3. Asset efficient distribution network (low logistics costs with price focus)
   Typically products with a high sales value, thus the focus is on inventory optimization (reduction of working capital), rather than operational savings in warehousing and transport. Typical solution is a dual structure with a central DC, supported by smaller local satellite warehouses. The central DC stocks both fast- and slow-movers with several weeks of demand coverage. The local satellite warehouses only stock the fast-movers for the local market, with a minimum of demand coverage.
4. Responsive, flexible distribution network (high logistics costs with price focus)
   Given the relatively small logistics costs percentage in these branches, the focus is more on quality, reliability and responsiveness than it is on operational efficiency. These distribution structures typically have an over-dimensioning on the number of warehouses, i.e. each sales country has its own inventory and warehouse location. In service logistics, risk mitigation is often a supply chain topic. The penalty clauses or health risk (e.g. pharma) attached to a non-compliant delivery often outweigh any operational costs reduction in distribution. A responsive, flexible, reliable market strategy can also be created in a one DC structure where 24-hour service is assured through air-transport or consignment stocks at customers premises.
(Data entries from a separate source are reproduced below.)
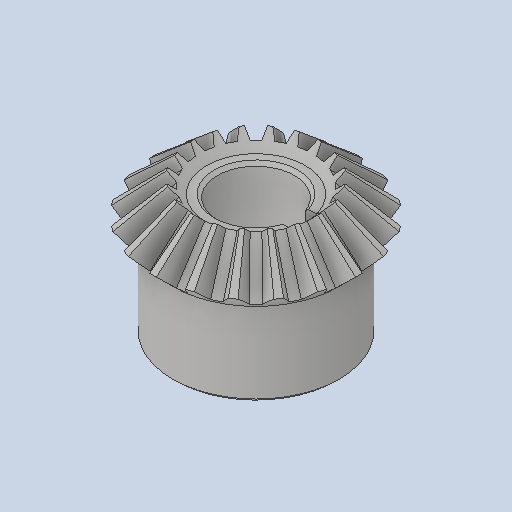
# Autodesk Inventor part: SMB1_5-201p_On
Saved by Autodesk Inventor 2025.2 (Build 292293000, 293)
## iProperties
Category: PARTsolutions
Company: KHK
Created: 2023-02-24
Part Number: SMB1_5-201p_On
Material: Generic
Catalog Web Link: www.cadenas.de
Description: SMB-
Vendor: KHK
Document SubType Name: Modeling
Designer: psAdmin
Manufacturer: KHK
Mass: 7.93706 g
Surface Area: 38.4961 cm^2
Volume: 7.93706 cm^3
Density: 1 g/cm^3
Appearance: PSOLRGB-175-175-175
PSOL_IDENT_0: {$CADENAS_DATA/23d-libs/khk/miter_gears/smb.prj},178 {VTYP=3D},{NB=SMB1.5-201p_On},{LINA=SMB1.5-20},
PSOL_IDENT_1: {NN=SMB},{DATE=06.10.2022 23:14:45},{GEOMDATE=24.04.2019 13:37:34},{VERSION=},{LINEID=300},{WBVAR=CO
PSOL_IDENT_2: MBINATION,TOOTH},{WBNUMERIC=}  {NB=SMB1.5-201p_On},{LINA=SMB1.5-20},{KT=DUMMY},{CN=SMB1.5-20},{COMBI
PSOL_IDENT_3: NATION=1},{VERS=2},{M=1.5},{Z=20},{A=12},{B=26},{C=30},{D=32.12},{E=30},{F=21.24},{G=16.06},{H=13.0}
PSOL_IDENT_4: ,{I=19},{J=8},{K=15.37},{L=49.80},{KYW=4x1.8},{KW=4},{KD=1.8},{TDM=6.50},{TS=M5},{S=B3},{PN=SMB1.5-2
PSOL_IDENT_5: 0},{WMF=B3004.WMF},{X=0.5},{Y=0.5},{TSNDM=5},{TOOTH=On}
NB: SMB1.5-201p_On
NN: SMB
NBSYN: $CN.$COMBINATION.p_$TOOTH.
LINA: SMB1.5-20
CATALOG: KHK
CN: SMB1.5-20
COMBINATION: Single
VERS: 2
M: 1.5
Z: 20
A: 12
B: 26
C: 30
D: 32.12
E: 30
F: 21.24
G: 16.06
H: 13
I: 19
J: 8
K: 15.37
L: 49.8
KYW: 4x1.8
KW: 4
KD: 1.8
TDM: 6.5
TS: M5
S: B3
PN: SMB1.5-20
WMF: B3004.WMF
X: 0.5
Y: 0.5
TSNDM: 5
TOOTH: On
SUPPLIER: KHK
ARTICLENO: SMB1.5-201p_On
BOMINFO: SMB1.5-20
CREATOR: CADENAS GmbH
Title: SMB1.5-20
Author: Cadenas PARTsolutions
Autodesk Inventor part; units mm, degrees
sketch "Sketch_6" plane through (0, -17, 0) normal (0, 1, 0) x (1, 0, 0)
  arc A0 (-0.5083, 20.2214) -> (-1.5864, 14.3695) centre (19.5954, 13.4924) ccw
  arc A1 (-1.5864, 14.3695) -> (-2.9317, 14.1564) centre (0, 0) ccw
  arc A2 (-2.9317, 14.1564) -> (-5.7653, 19.3888) centre (-22.8058, 6.7768) ccw
  arc A3 (-5.7653, 19.3888) -> (-6.7322, 19.0746) centre (0, 0) ccw
  arc A4 (-6.7322, 19.0746) -> (-5.9492, 13.176) centre (14.467, 18.8874) ccw
  arc A5 (-5.9492, 13.176) -> (-7.1627, 12.5576) centre (0, 0) ccw
  arc A6 (-7.1627, 12.5576) -> (-11.4746, 16.6582) centre (-23.7837, -0.6023) ccw
  arc A7 (-11.4746, 16.6582) -> (-12.2971, 16.0607) centre (0, 0) ccw
  arc A8 (-12.2971, 16.0607) -> (-9.7296, 10.6927) centre (7.9224, 22.4335) ccw
  arc A9 (-9.7296, 10.6927) -> (-10.6927, 9.7296) centre (0, 0) ccw
  arc A10 (-10.6927, 9.7296) -> (-16.0607, 12.2971) centre (-22.4335, -7.9224) ccw
  arc A11 (-16.0607, 12.2971) -> (-16.6582, 11.4746) centre (0, 0) ccw
  arc A12 (-16.6582, 11.4746) -> (-12.5576, 7.1627) centre (0.6023, 23.7837) ccw
  arc A13 (-12.5576, 7.1627) -> (-13.176, 5.9492) centre (0, 0) ccw
  arc A14 (-13.176, 5.9492) -> (-19.0746, 6.7322) centre (-18.8874, -14.467) ccw
  arc A15 (-19.0746, 6.7322) -> (-19.3888, 5.7653) centre (0, 0) ccw
  arc A16 (-19.3888, 5.7653) -> (-14.1564, 2.9317) centre (-6.7768, 22.8058) ccw
  arc A17 (-14.1564, 2.9317) -> (-14.3695, 1.5864) centre (0, 0) ccw
  arc A18 (-14.3695, 1.5864) -> (-20.2214, 0.5083) centre (-13.4924, -19.5954) ccw
  arc A19 (-20.2214, 0.5083) -> (-20.2214, -0.5083) centre (0, 0) ccw
  arc A20 (-20.2214, -0.5083) -> (-14.3695, -1.5864) centre (-13.4924, 19.5954) ccw
  arc A21 (-14.3695, -1.5864) -> (-14.1564, -2.9317) centre (0, 0) ccw
  arc A22 (-14.1564, -2.9317) -> (-19.3888, -5.7653) centre (-6.7768, -22.8058) ccw
  arc A23 (-19.3888, -5.7653) -> (-19.0746, -6.7322) centre (0, 0) ccw
  arc A24 (-19.0746, -6.7322) -> (-13.176, -5.9492) centre (-18.8874, 14.467) ccw
  arc A25 (-13.176, -5.9492) -> (-12.5576, -7.1627) centre (0, 0) ccw
  arc A26 (-12.5576, -7.1627) -> (-16.6582, -11.4746) centre (0.6023, -23.7837) ccw
  arc A27 (-16.6582, -11.4746) -> (-16.0607, -12.2971) centre (0, 0) ccw
  arc A28 (-16.0607, -12.2971) -> (-10.6927, -9.7296) centre (-22.4335, 7.9224) ccw
  arc A29 (-10.6927, -9.7296) -> (-9.7296, -10.6927) centre (0, 0) ccw
  arc A30 (-9.7296, -10.6927) -> (-12.2971, -16.0607) centre (7.9224, -22.4335) ccw
  arc A31 (-12.2971, -16.0607) -> (-11.4746, -16.6582) centre (0, 0) ccw
  arc A32 (-11.4746, -16.6582) -> (-7.1627, -12.5576) centre (-23.7837, 0.6023) ccw
  arc A33 (-7.1627, -12.5576) -> (-5.9492, -13.176) centre (0, 0) ccw
  arc A34 (-5.9492, -13.176) -> (-6.7322, -19.0746) centre (14.467, -18.8874) ccw
  arc A35 (-6.7322, -19.0746) -> (-5.7653, -19.3888) centre (0, 0) ccw
  arc A36 (-5.7653, -19.3888) -> (-2.9317, -14.1564) centre (-22.8058, -6.7768) ccw
  arc A37 (-2.9317, -14.1564) -> (-1.5864, -14.3695) centre (0, 0) ccw
  arc A38 (-1.5864, -14.3695) -> (-0.5083, -20.2214) centre (19.5954, -13.4924) ccw
  arc A39 (-0.5083, -20.2214) -> (0.5083, -20.2214) centre (0, 0) ccw
  arc A40 (0.5083, -20.2214) -> (1.5864, -14.3695) centre (-19.5954, -13.4924) ccw
  arc A41 (1.5864, -14.3695) -> (2.9317, -14.1564) centre (0, 0) ccw
  arc A42 (2.9317, -14.1564) -> (5.7653, -19.3888) centre (22.8058, -6.7768) ccw
  arc A43 (5.7653, -19.3888) -> (6.7322, -19.0746) centre (0, 0) ccw
  arc A44 (6.7322, -19.0746) -> (5.9492, -13.176) centre (-14.467, -18.8874) ccw
  arc A45 (5.9492, -13.176) -> (7.1627, -12.5576) centre (0, 0) ccw
  arc A46 (7.1627, -12.5576) -> (11.4746, -16.6582) centre (23.7837, 0.6023) ccw
  arc A47 (11.4746, -16.6582) -> (12.2971, -16.0607) centre (0, 0) ccw
  arc A48 (12.2971, -16.0607) -> (9.7296, -10.6927) centre (-7.9224, -22.4335) ccw
  arc A49 (9.7296, -10.6927) -> (10.6927, -9.7296) centre (0, 0) ccw
  arc A50 (10.6927, -9.7296) -> (16.0607, -12.2971) centre (22.4335, 7.9224) ccw
  arc A51 (16.0607, -12.2971) -> (16.6582, -11.4746) centre (0, 0) ccw
  arc A52 (16.6582, -11.4746) -> (12.5576, -7.1627) centre (-0.6023, -23.7837) ccw
  arc A53 (12.5576, -7.1627) -> (13.176, -5.9492) centre (0, 0) ccw
  arc A54 (13.176, -5.9492) -> (19.0746, -6.7322) centre (18.8874, 14.467) ccw
  arc A55 (19.0746, -6.7322) -> (19.3888, -5.7653) centre (0, 0) ccw
  arc A56 (19.3888, -5.7653) -> (14.1564, -2.9317) centre (6.7768, -22.8058) ccw
  arc A57 (14.1564, -2.9317) -> (14.3695, -1.5864) centre (0, 0) ccw
  arc A58 (14.3695, -1.5864) -> (20.2214, -0.5083) centre (13.4924, 19.5954) ccw
  arc A59 (20.2214, -0.5083) -> (20.2214, 0.5083) centre (0, 0) ccw
  arc A60 (20.2214, 0.5083) -> (14.3695, 1.5864) centre (13.4924, -19.5954) ccw
  arc A61 (14.3695, 1.5864) -> (14.1564, 2.9317) centre (0, 0) ccw
  arc A62 (14.1564, 2.9317) -> (19.3888, 5.7653) centre (6.7768, 22.8058) ccw
  arc A63 (19.3888, 5.7653) -> (19.0746, 6.7322) centre (0, 0) ccw
  arc A64 (19.0746, 6.7322) -> (13.176, 5.9492) centre (18.8874, -14.467) ccw
  arc A65 (13.176, 5.9492) -> (12.5576, 7.1627) centre (0, 0) ccw
  arc A66 (12.5576, 7.1627) -> (16.6582, 11.4746) centre (-0.6023, 23.7837) ccw
  arc A67 (16.6582, 11.4746) -> (16.0607, 12.2971) centre (0, 0) ccw
  arc A68 (16.0607, 12.2971) -> (10.6927, 9.7296) centre (22.4335, -7.9224) ccw
  arc A69 (10.6927, 9.7296) -> (9.7296, 10.6927) centre (0, 0) ccw
  arc A70 (9.7296, 10.6927) -> (12.2971, 16.0607) centre (-7.9224, 22.4335) ccw
  arc A71 (12.2971, 16.0607) -> (11.4746, 16.6582) centre (0, 0) ccw
  arc A72 (11.4746, 16.6582) -> (7.1627, 12.5576) centre (23.7837, -0.6023) ccw
  arc A73 (7.1627, 12.5576) -> (5.9492, 13.176) centre (0, 0) ccw
  arc A74 (5.9492, 13.176) -> (6.7322, 19.0746) centre (-14.467, 18.8874) ccw
  arc A75 (6.7322, 19.0746) -> (5.7653, 19.3888) centre (0, 0) ccw
  arc A76 (5.7653, 19.3888) -> (2.9317, 14.1564) centre (22.8058, 6.7768) ccw
  arc A77 (2.9317, 14.1564) -> (1.5864, 14.3695) centre (0, 0) ccw
  arc A78 (1.5864, 14.3695) -> (0.5083, 20.2214) centre (-19.5954, 13.4924) ccw
  arc A79 (0.5083, 20.2214) -> (-0.5083, 20.2214) centre (0, 0) ccw
  constraints: 160 point on circle, 80 centre point
sketch "Sketch_7" plane through (0, -8.76, 0) normal (0, 1, 0) x (1, 0, 0)
  arc A0 (-0.1963, 10.4116) -> (-0.6562, 5.9435) centre (20.5437, 6.0191) ccw
  arc A1 (-0.6562, 5.9435) -> (-1.2126, 5.8554) centre (0, 0) ccw
  arc A2 (-1.2126, 5.8554) -> (-3.0307, 9.9626) centre (-21.3982, -0.6238) ccw
  arc A3 (-3.0307, 9.9626) -> (-3.404, 9.8413) centre (0, 0) ccw
  arc A4 (-3.404, 9.8413) -> (-2.4607, 5.4499) centre (17.6782, 12.0729) ccw
  arc A5 (-2.4607, 5.4499) -> (-2.9627, 5.1941) centre (0, 0) ccw
  arc A6 (-2.9627, 5.1941) -> (-5.961, 8.5385) centre (-20.1582, -7.2057) ccw
  arc A7 (-5.961, 8.5385) -> (-6.2786, 8.3078) centre (0, 0) ccw
  arc A8 (-6.2786, 8.3078) -> (-4.0244, 4.4227) centre (13.0822, 16.9449) ccw
  arc A9 (-4.0244, 4.4227) -> (-4.4227, 4.0244) centre (0, 0) ccw
  arc A10 (-4.4227, 4.0244) -> (-8.3078, 6.2786) centre (-16.9449, -13.0822) ccw
  arc A11 (-8.3078, 6.2786) -> (-8.5385, 5.961) centre (0, 0) ccw
  arc A12 (-8.5385, 5.961) -> (-5.1941, 2.9627) centre (7.2057, 20.1582) ccw
  arc A13 (-5.1941, 2.9627) -> (-5.4499, 2.4607) centre (0, 0) ccw
  arc A14 (-5.4499, 2.4607) -> (-9.8413, 3.404) centre (-12.0729, -17.6782) ccw
  arc A15 (-9.8413, 3.404) -> (-9.9626, 3.0307) centre (0, 0) ccw
  arc A16 (-9.9626, 3.0307) -> (-5.8554, 1.2126) centre (0.6238, 21.3982) ccw
  arc A17 (-5.8554, 1.2126) -> (-5.9435, 0.6562) centre (0, 0) ccw
  arc A18 (-5.9435, 0.6562) -> (-10.4116, 0.1963) centre (-6.0191, -20.5437) ccw
  arc A19 (-10.4116, 0.1963) -> (-10.4116, -0.1963) centre (0, 0) ccw
  arc A20 (-10.4116, -0.1963) -> (-5.9435, -0.6562) centre (-6.0191, 20.5437) ccw
  arc A21 (-5.9435, -0.6562) -> (-5.8554, -1.2126) centre (0, 0) ccw
  arc A22 (-5.8554, -1.2126) -> (-9.9626, -3.0307) centre (0.6238, -21.3982) ccw
  arc A23 (-9.9626, -3.0307) -> (-9.8413, -3.404) centre (0, 0) ccw
  arc A24 (-9.8413, -3.404) -> (-5.4499, -2.4607) centre (-12.0729, 17.6782) ccw
  arc A25 (-5.4499, -2.4607) -> (-5.1941, -2.9627) centre (0, 0) ccw
  arc A26 (-5.1941, -2.9627) -> (-8.5385, -5.961) centre (7.2057, -20.1582) ccw
  arc A27 (-8.5385, -5.961) -> (-8.3078, -6.2786) centre (0, 0) ccw
  arc A28 (-8.3078, -6.2786) -> (-4.4227, -4.0244) centre (-16.9449, 13.0822) ccw
  arc A29 (-4.4227, -4.0244) -> (-4.0244, -4.4227) centre (0, 0) ccw
  arc A30 (-4.0244, -4.4227) -> (-6.2786, -8.3078) centre (13.0822, -16.9449) ccw
  arc A31 (-6.2786, -8.3078) -> (-5.961, -8.5385) centre (0, 0) ccw
  arc A32 (-5.961, -8.5385) -> (-2.9627, -5.1941) centre (-20.1582, 7.2057) ccw
  arc A33 (-2.9627, -5.1941) -> (-2.4607, -5.4499) centre (0, 0) ccw
  arc A34 (-2.4607, -5.4499) -> (-3.404, -9.8413) centre (17.6782, -12.0729) ccw
  arc A35 (-3.404, -9.8413) -> (-3.0307, -9.9626) centre (0, 0) ccw
  arc A36 (-3.0307, -9.9626) -> (-1.2126, -5.8554) centre (-21.3982, 0.6238) ccw
  arc A37 (-1.2126, -5.8554) -> (-0.6562, -5.9435) centre (0, 0) ccw
  arc A38 (-0.6562, -5.9435) -> (-0.1963, -10.4116) centre (20.5437, -6.0191) ccw
  arc A39 (-0.1963, -10.4116) -> (0.1963, -10.4116) centre (0, 0) ccw
  arc A40 (0.1963, -10.4116) -> (0.6562, -5.9435) centre (-20.5437, -6.0191) ccw
  arc A41 (0.6562, -5.9435) -> (1.2126, -5.8554) centre (0, 0) ccw
  arc A42 (1.2126, -5.8554) -> (3.0307, -9.9626) centre (21.3982, 0.6238) ccw
  arc A43 (3.0307, -9.9626) -> (3.404, -9.8413) centre (0, 0) ccw
  arc A44 (3.404, -9.8413) -> (2.4607, -5.4499) centre (-17.6782, -12.0729) ccw
  arc A45 (2.4607, -5.4499) -> (2.9627, -5.1941) centre (0, 0) ccw
  arc A46 (2.9627, -5.1941) -> (5.961, -8.5385) centre (20.1582, 7.2057) ccw
  arc A47 (5.961, -8.5385) -> (6.2786, -8.3078) centre (0, 0) ccw
  arc A48 (6.2786, -8.3078) -> (4.0244, -4.4227) centre (-13.0822, -16.9449) ccw
  arc A49 (4.0244, -4.4227) -> (4.4227, -4.0244) centre (0, 0) ccw
  arc A50 (4.4227, -4.0244) -> (8.3078, -6.2786) centre (16.9449, 13.0822) ccw
  arc A51 (8.3078, -6.2786) -> (8.5385, -5.961) centre (0, 0) ccw
  arc A52 (8.5385, -5.961) -> (5.1941, -2.9627) centre (-7.2057, -20.1582) ccw
  arc A53 (5.1941, -2.9627) -> (5.4499, -2.4607) centre (0, 0) ccw
  arc A54 (5.4499, -2.4607) -> (9.8413, -3.404) centre (12.0729, 17.6782) ccw
  arc A55 (9.8413, -3.404) -> (9.9626, -3.0307) centre (0, 0) ccw
  arc A56 (9.9626, -3.0307) -> (5.8554, -1.2126) centre (-0.6238, -21.3982) ccw
  arc A57 (5.8554, -1.2126) -> (5.9435, -0.6562) centre (0, 0) ccw
  arc A58 (5.9435, -0.6562) -> (10.4116, -0.1963) centre (6.0191, 20.5437) ccw
  arc A59 (10.4116, -0.1963) -> (10.4116, 0.1963) centre (0, 0) ccw
  arc A60 (10.4116, 0.1963) -> (5.9435, 0.6562) centre (6.0191, -20.5437) ccw
  arc A61 (5.9435, 0.6562) -> (5.8554, 1.2126) centre (0, 0) ccw
  arc A62 (5.8554, 1.2126) -> (9.9626, 3.0307) centre (-0.6238, 21.3982) ccw
  arc A63 (9.9626, 3.0307) -> (9.8413, 3.404) centre (0, 0) ccw
  arc A64 (9.8413, 3.404) -> (5.4499, 2.4607) centre (12.0729, -17.6782) ccw
  arc A65 (5.4499, 2.4607) -> (5.1941, 2.9627) centre (0, 0) ccw
  arc A66 (5.1941, 2.9627) -> (8.5385, 5.961) centre (-7.2057, 20.1582) ccw
  arc A67 (8.5385, 5.961) -> (8.3078, 6.2786) centre (0, 0) ccw
  arc A68 (8.3078, 6.2786) -> (4.4227, 4.0244) centre (16.9449, -13.0822) ccw
  arc A69 (4.4227, 4.0244) -> (4.0244, 4.4227) centre (0, 0) ccw
  arc A70 (4.0244, 4.4227) -> (6.2786, 8.3078) centre (-13.0822, 16.9449) ccw
  arc A71 (6.2786, 8.3078) -> (5.961, 8.5385) centre (0, 0) ccw
  arc A72 (5.961, 8.5385) -> (2.9627, 5.1941) centre (20.1582, -7.2057) ccw
  arc A73 (2.9627, 5.1941) -> (2.4607, 5.4499) centre (0, 0) ccw
  arc A74 (2.4607, 5.4499) -> (3.404, 9.8413) centre (-17.6782, 12.0729) ccw
  arc A75 (3.404, 9.8413) -> (3.0307, 9.9626) centre (0, 0) ccw
  arc A76 (3.0307, 9.9626) -> (1.2126, 5.8554) centre (21.3982, -0.6238) ccw
  arc A77 (1.2126, 5.8554) -> (0.6562, 5.9435) centre (0, 0) ccw
  arc A78 (0.6562, 5.9435) -> (0.1963, 10.4116) centre (-20.5437, 6.0191) ccw
  arc A79 (0.1963, 10.4116) -> (-0.1963, 10.4116) centre (0, 0) ccw
  constraints: 160 point on circle, 80 centre point
loft "Loft1" add profiles "Sketch_6", "Sketch_7"
sketch "Sketch_8" plane through (0, 0, 0) normal (0, 0, 1) x (1, 0, 0)
  line L0 (0, -30) -> (0, -8.76)
  line L1 (0, -11) -> (7.6863, -11)
  line L2 (7.6863, -11) -> (8.7582, -9.9281)
  line L3 (8.7582, -9.9281) -> (13.94, -16.06)
  line L4 (13.94, -16.06) -> (13, -17)
  line L5 (13, -17) -> (13, -29.5)
  line L6 (13, -29.5) -> (12.5, -30)
  line L7 (12.5, -30) -> (0, -30)
  line L8 (0, -30) -> (0, -11)
  constraints: 18 end point
revolve "Revolution1" add sketch "Sketch_8" angle 360 about axis through (0, -30, 0) along (0, -1, 0)
sketch "Sketch_9" plane through (0, 0, 0) normal (0, 0, 1) x (1, 0, 0)
  line L0 (0, -30) -> (0, 0)
  line L1 (0, 0) -> (32.12, 0)
  line L2 (32.12, 0) -> (32.12, -17)
  line L3 (32.12, -17) -> (13, -17)
  line L4 (13, -17) -> (16.06, -13.94)
  line L5 (16.06, -13.94) -> (9.9281, -8.7582)
  line L6 (9.9281, -8.7582) -> (7.6863, -11)
  line L7 (7.6863, -11) -> (6.5, -11)
  line L8 (6.5, -11) -> (6, -11.5)
  line L9 (6, -11.5) -> (6, -29.5)
  line L10 (6, -29.5) -> (6.5, -30)
  line L11 (6.5, -30) -> (0, -30)
  line L12 (0, -30) -> (0, 0)
  constraints: 26 end point
revolve "Revolution2" cut sketch "Sketch_9" angle 360 about axis through (0, -30, 0) along (0, -1, 0)
sketch "Sketch_4" plane through (0, -23.5, 0) normal (0, 1, 0) x (1, 0, 0)
  line L0 (0, 13) -> (0, 4.899)
  line L1 (0, 4.899) -> (-2.067, 4.899)
  line L2 (-2.067, 4.899) -> (-2.067, 12.567)
  line L3 (-2.067, 12.567) -> (-2.5, 13)
  line L4 (-2.5, 13) -> (0, 13)
  line L5 (0, 13) -> (0, 4.899)
  constraints: 12 end point
revolve "Revolution3" cut sketch "Sketch_4" angle 360 about axis through (0, -23.5, -13) along (0, 0, -1)
thread "Thread1" size "M5x0.8" class "6H" standard "ISO Metric profile" length 7.668
sketch "Sketch_5" plane through (0, -23.5, 0) normal (0, 1, 0) x (1, 0, 0)
  line L0 (0, -2) -> (7.8, -2)
  line L1 (7.8, -2) -> (7.8, 2)
  line L2 (7.8, 2) -> (0, 2)
  line L3 (0, 2) -> (0, -2)
  constraints: 8 end point
extrude "Extrusion1" cut sketch "Sketch_5" along normal mid plane 38
ref_plane "b_XY" through (0, 0, 0) normal (0, 0, 1) x (1, 0, 0)
ref_plane "b_YZ" through (0, 0, 0) normal (1, 0, 0) x (0, 1, 0)
ref_plane "b_ZX" through (0, 0, 0) normal (0, 1, 0) x (0, 0, 1)
ref_plane "bb_XY" through (0, 0, 0) normal (0, 1, 0) x (1, 0, 0)
ref_plane "bb_YZ" through (0, 0, 0) normal (1, 0, 0) x (0, 0, -1)
ref_plane "bb_ZX" through (0, 0, 0) normal (0, 0, -1) x (0, 1, 0)
body "Solid1"

Use the Right Mixture of Distribution Networks

Given the high logistics costs in relation to net sales within the chemical industry, the distribution model should focus on operational efficiency. This means a consolidation of warehouses as much as the market requirements allow you, at the same time as optimizing transportation through condensed shipments.
Particularly fine chemicals could be faced with specific customer lead-time constraints drifting the distribution model away from its most efficient set-up. However this supplementary service solution (e.g. an extra warehouse) should only be implemented if the benefit in completive advantage outweighs the additional costs. Such a service solution should not become a business standard, but only apply for the product-market combination in question.
Consequently the key to logistics success within the chemical industry is to implement several different distribution networks within your company. Thus operating the most efficient distribution network, but allow for a tailored service solutions specifically for that product-market where it provides a proven added value. Manage distribution globally, but act locally.